----- Input

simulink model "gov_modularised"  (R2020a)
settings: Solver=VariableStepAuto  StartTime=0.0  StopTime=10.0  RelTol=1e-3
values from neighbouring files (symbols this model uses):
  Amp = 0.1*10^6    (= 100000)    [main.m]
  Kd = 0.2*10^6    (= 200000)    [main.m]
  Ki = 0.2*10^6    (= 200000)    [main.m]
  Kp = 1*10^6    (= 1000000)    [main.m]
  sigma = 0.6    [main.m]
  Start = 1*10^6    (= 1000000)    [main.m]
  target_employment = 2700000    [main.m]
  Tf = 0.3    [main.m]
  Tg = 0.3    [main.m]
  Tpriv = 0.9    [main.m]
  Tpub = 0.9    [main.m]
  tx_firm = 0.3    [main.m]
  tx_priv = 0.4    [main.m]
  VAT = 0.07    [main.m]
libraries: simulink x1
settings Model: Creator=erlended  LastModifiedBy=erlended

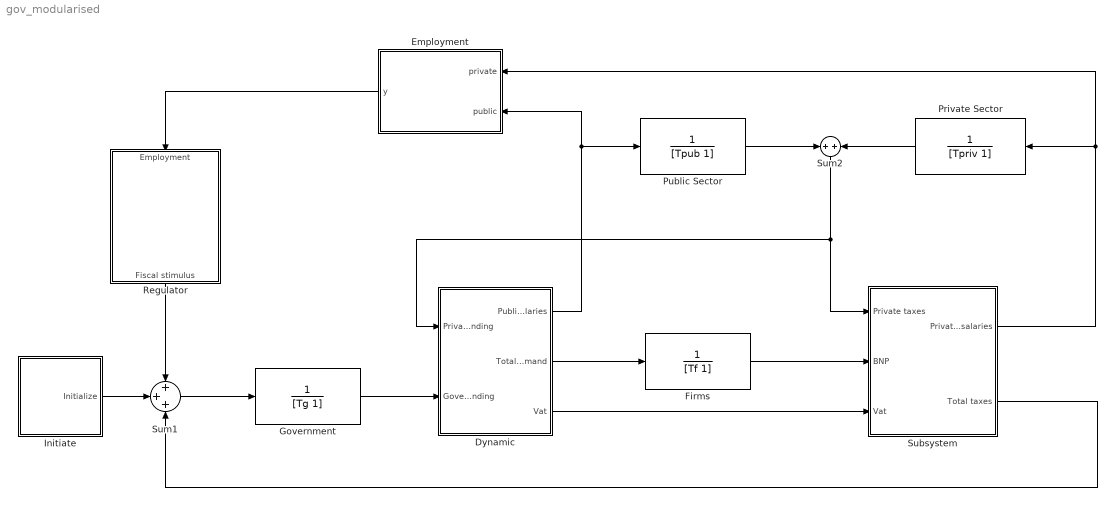
== system gov_modularised ==
  Dynamic : Subsystem
  Employment : Subsystem
  Firms : TransferFcn  Denominator=[Tf 1]
  Government : TransferFcn  Denominator=[Tg 1]
  Initiate : Subsystem
  Private Sector : TransferFcn  Denominator=[Tpriv 1]
  Public Sector : TransferFcn  Denominator=[Tpub 1]
  Regulator : Subsystem
  Subsystem : Subsystem
  Sum1 : Sum  Inputs=+++
  Sum2 : Sum  Inputs=+|+
  wires:
  Private Sector/1 -> Sum2/2
  Sum2/1 -> Subsystem/1(Private taxes), Dynamic/1(Private Spending)
  Public Sector/1 -> Sum2/1
  Sum1/1 -> Government/1
  Regulator/1(Fiscal stimulus) -> Sum1/1
  Employment/1(y) -> Regulator/1(Employment)
  Subsystem/2(Total taxes) -> Sum1/3
  Dynamic/1(Public salaries) -> Employment/2(public), Public Sector/1
  Government/1 -> Dynamic/2(Government spending)
  Dynamic/2(Total demand) -> Firms/1
  Subsystem/1(Private salaries) -> Employment/1(private), Private Sector/1
  Firms/1 -> Subsystem/2(BNP)
  Initiate/1(Initialize) -> Sum1/2
  Dynamic/3(Vat) -> Subsystem/3(Vat)

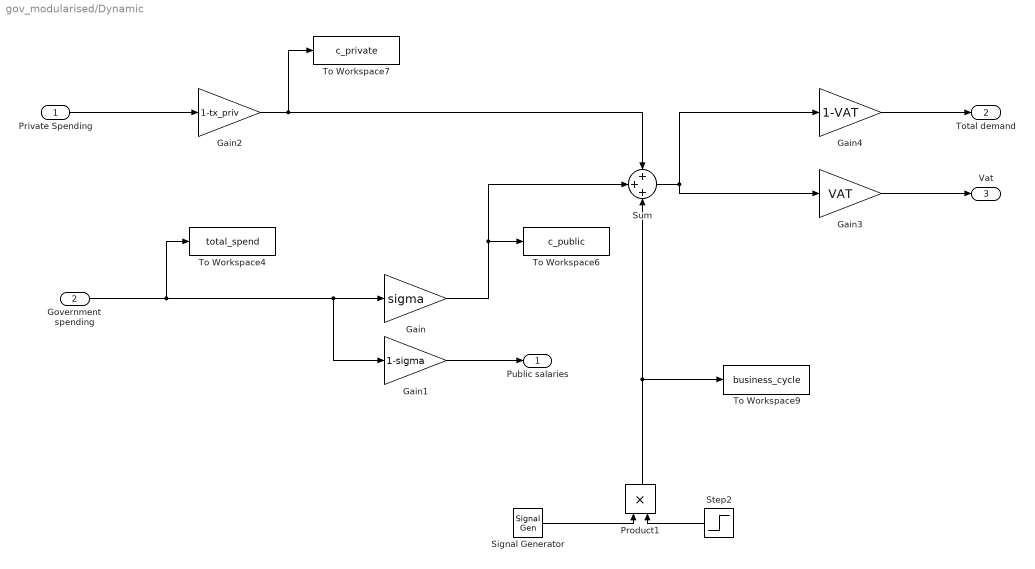
== system gov_modularised/Dynamic ==
  Private Spending : Inport
  Government spending : Inport  Port=2
  Gain : Gain  Gain=sigma
  Gain1 : Gain  Gain=1-sigma
  Gain2 : Gain  Gain=1-tx_priv
  Gain3 : Gain  Gain=VAT
  Gain4 : Gain  Gain=1-VAT
  Product1 : Product
  Signal Generator : SignalGenerator  Amplitude=Amp  Frequency=0.5  Units=rad/sec
  Step2 : Step  Time=30  SampleTime=0
  Sum : Sum  Inputs=+++
  To Workspace4 : ToWorkspace  VariableName=total_spend  SaveFormat=Timeseries  SampleTime=-1
  To Workspace6 : ToWorkspace  VariableName=c_public  SaveFormat=Timeseries  SampleTime=-1
  To Workspace7 : ToWorkspace  VariableName=c_private  SaveFormat=Timeseries  SampleTime=-1
  To Workspace9 : ToWorkspace  VariableName=business_cycle  SaveFormat=Timeseries  SampleTime=-1
  Public salaries : Outport
  Total demand : Outport  Port=2
  Vat : Outport  Port=3
  wires:
  Gain/1 -> To Workspace6/1, Sum/2
  Government spending/1 -> Gain/1, Gain1/1, To Workspace4/1
  Product1/1 -> Sum/3, To Workspace9/1
  Private Spending/1 -> Gain2/1
  Signal Generator/1 -> Product1/1
  Step2/1 -> Product1/2
  Sum/1 -> Gain3/1, Gain4/1
  Gain2/1 -> Sum/1, To Workspace7/1
  Gain1/1 -> Public salaries/1
  Gain4/1 -> Total demand/1
  Gain3/1 -> Vat/1

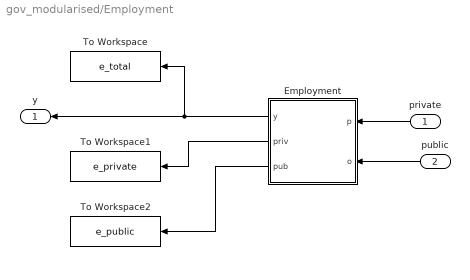
== system gov_modularised/Employment ==
  private : Inport
  public : Inport  Port=2
  Employment : MATLAB Function  TreatAsAtomicUnit=on
  To Workspace : ToWorkspace  VariableName=e_total  SaveFormat=Timeseries  SampleTime=-1
  To Workspace1 : ToWorkspace  VariableName=e_private  SaveFormat=Timeseries  SampleTime=-1
  To Workspace2 : ToWorkspace  VariableName=e_public  SaveFormat=Timeseries  SampleTime=-1
  y : Outport
  wires:
  Employment/2(priv) -> To Workspace1/1
  private/1 -> Employment/1(p)
  Employment/1(y) -> y/1, To Workspace/1
  Employment/3(pub) -> To Workspace2/1
  public/1 -> Employment/2(o)

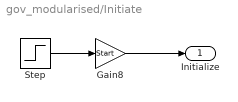
== system gov_modularised/Initiate ==
  Gain8 : Gain  Gain=Start
  Step : Step  Before=1  After=0  SampleTime=0
  Initialize : Outport
  wires:
  Step/1 -> Gain8/1
  Gain8/1 -> Initialize/1

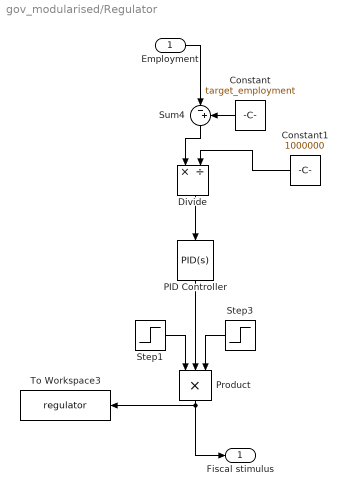
== system gov_modularised/Regulator ==
  Employment : Inport
  Constant : Constant  Value=target_employment
  Constant1 : Constant  Value=1000000
  Divide : Product  Inputs=*/
  PID Controller : simulink/Continuous/PID Controller  Controller=PID  Form=Parallel  TimeDomain=Continuous-time  UseExternalTs=off  SampleTime=-1  IntegratorMethod=Forward Euler  FilterMethod=Forward Euler  ControllerParametersSource=internal  P=Kp  I=Ki  D=Kd  UseFilter=on  N=1  TunerSelectOption=Transfer Function Based (PID Tuner App)  InitialConditionSource=internal  InitialConditionForIntegrator=0  InitialConditionForFilter=0  DifferentiatorICPrevScaledInput=0  ExternalReset=none  TrackingMode=off  Kt=1  LimitOutput=off  UpperSaturationLimit=inf  LowerSaturationLimit=-inf  LinearizeAsGain=on  AntiWindupMode=none  Kb=1  POutMin=[]  POutMax=[]  IOutMin=[]  IOutMax=[]  DOutMin=[]  DOutMax=[]  NOutMin=[]  NOutMax=[]  SumOutMin=[]  SumOutMax=[]  SaturationOutMin=[]  SaturationOutMax=[]  PParamMin=[]  PParamMax=[]  IParamMin=[]  IParamMax=[]  DParamMin=[]  DParamMax=[]  NParamMin=[]  NParamMax=[]  KbParamMin=[]  KbParamMax=[]  KtParamMin=[]  KtParamMax=[]  KbOutMin=[]  KbOutMax=[]  KtOutMin=[]  KtOutMax=[]  IntegratorOutMin=[]  IntegratorOutMax=[]  FilterOutMin=[]  FilterOutMax=[]  SumI1OutMin=[]  SumI1OutMax=[]  SumI2OutMin=[]  SumI2OutMax=[]  SumI3OutMin=[]  SumI3OutMax=[]  SumI4OutMin=[]  SumI4OutMax=[]  SumDOutMin=[]  SumDOutMax=[]  DifferentiatorOutMin=[]  DifferentiatorOutMax=[]  FilterDiffOutCoefMin=[]  FilterDiffOutCoefMax=[]  ReciprocalOutMin=[]  ReciprocalOutMax=[]  SumDenOutMin=[]  SumDenOutMax=[]  SumNumOutMin=[]  SumNumOutMax=[]  DivideOutMin=[]  DivideOutMax=[]  UdiffTsProdOutMin=[]  UdiffTsProdOutMax=[]  NTsProdOutMin=[]  NTsProdOutMax=[]  UintegralTsProdOutMin=[]  UintegralTsProdOutMax=[]  UngainTsProdOutMin=[]  UngainTsProdOutMax=[]  IntegratorContinuousStateAttributes=''  IntegratorStateMustResolveToSignalObject=off  IntegratorRTWStateStorageClass=Auto  FilterContinuousStateAttributes=''  FilterStateMustResolveToSignalObject=off  FilterRTWStateStorageClass=Auto  ParallelPVariant=InternalParameters  IdealPVariant=Disabled  IVariant=InternalParameters  DVariant=InternalParameters  IntegratorVariant=Continuous  SatVariant=Disabled  AWVariant=Passthrough  PCopyVariant=Disabled  TRVariant=Disabled  FdbkBlocksVariant=Forward  IdealPFdbkVariant=Disabled  SatFdbkVariant=Disabled  DerivativeFilterVariant=ContFilter  NVariant=InternalParameters  NCopyVariant=Disabled  FilterICVariant=InternalICsFilter  IntegratorICVariant=InternalICs  ExternalResetVariant=Disabled  TRSumVariant=Passthrough  SumFdbkVariant=Disabled  SumVariant=Sum_PID  TsampFilterVariant=InternalTs  TsampNgainVariant=Passthrough  TsampIntegralVariant=Passthrough
  Product : Product  Inputs=3
  Step1 : Step  SampleTime=0
  Step3 : Step  Time=50  Before=1  After=0  SampleTime=0
  Sum4 : Sum  Inputs=|-+
  To Workspace3 : ToWorkspace  VariableName=regulator  SaveFormat=Timeseries  SampleTime=-1
  Fiscal stimulus : Outport
  wires:
  Step1/1 -> Product/1
  PID Controller/1 -> Product/2
  Constant1/1 -> Divide/2
  Product/1 -> Fiscal stimulus/1, To Workspace3/1
  Divide/1 -> PID Controller/1
  Constant/1 -> Sum4/2
  Step3/1 -> Product/3
  Sum4/1 -> Divide/1
  Employment/1 -> Sum4/1

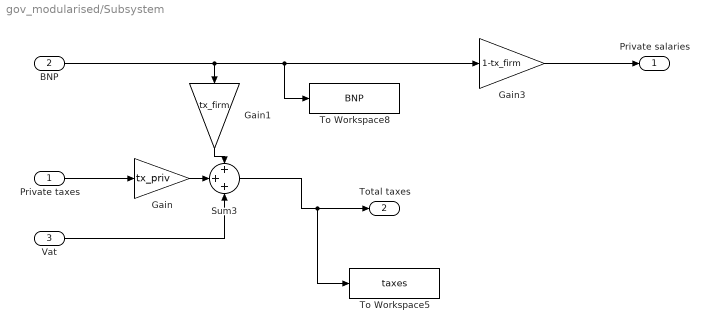
== system gov_modularised/Subsystem ==
  Private taxes : Inport
  BNP : Inport  Port=2
  Vat : Inport  Port=3
  Gain : Gain  Gain=tx_priv
  Gain1 : Gain  Gain=tx_firm
  Gain3 : Gain  Gain=1-tx_firm
  Sum3 : Sum  Inputs=+++
  To Workspace5 : ToWorkspace  VariableName=taxes  SaveFormat=Timeseries  SampleTime=-1
  To Workspace8 : ToWorkspace  VariableName=BNP  SaveFormat=Timeseries  SampleTime=-1
  Private salaries : Outport
  Total taxes : Outport  Port=2
  wires:
  BNP/1 -> Gain3/1, To Workspace8/1, Gain1/1
  Gain3/1 -> Private salaries/1
  Sum3/1 -> To Workspace5/1, Total taxes/1
  Private taxes/1 -> Gain/1
  Gain1/1 -> Sum3/1
  Gain/1 -> Sum3/2
  Vat/1 -> Sum3/3

== matlab function gov_modularised/Employment/Employment ==
  data: p input; o input; y output; priv output; pub output
function  [y, priv, pub]= fcn(p, o)
salary = 0.5; 

priv = p/(salary);
pub = o/(salary);
u = priv + pub;

y = u;

----------

### Assignment
Copy the lines above exactly, starting with the line that contains "Gain1/1 -> Public salaries/1" and ending with the line that contains "Divide : Product", and leave out any pictures.

### Task solution
  Gain1/1 -> Public salaries/1
  Gain4/1 -> Total demand/1
  Gain3/1 -> Vat/1

== system gov_modularised/Employment ==
  private : Inport
  public : Inport  Port=2
  Employment : MATLAB Function  TreatAsAtomicUnit=on
  To Workspace : ToWorkspace  VariableName=e_total  SaveFormat=Timeseries  SampleTime=-1
  To Workspace1 : ToWorkspace  VariableName=e_private  SaveFormat=Timeseries  SampleTime=-1
  To Workspace2 : ToWorkspace  VariableName=e_public  SaveFormat=Timeseries  SampleTime=-1
  y : Outport
  wires:
  Employment/2(priv) -> To Workspace1/1
  private/1 -> Employment/1(p)
  Employment/1(y) -> y/1, To Workspace/1
  Employment/3(pub) -> To Workspace2/1
  public/1 -> Employment/2(o)

== system gov_modularised/Initiate ==
  Gain8 : Gain  Gain=Start
  Step : Step  Before=1  After=0  SampleTime=0
  Initialize : Outport
  wires:
  Step/1 -> Gain8/1
  Gain8/1 -> Initialize/1

== system gov_modularised/Regulator ==
  Employment : Inport
  Constant : Constant  Value=target_employment
  Constant1 : Constant  Value=1000000
  Divide : Product  Inputs=*/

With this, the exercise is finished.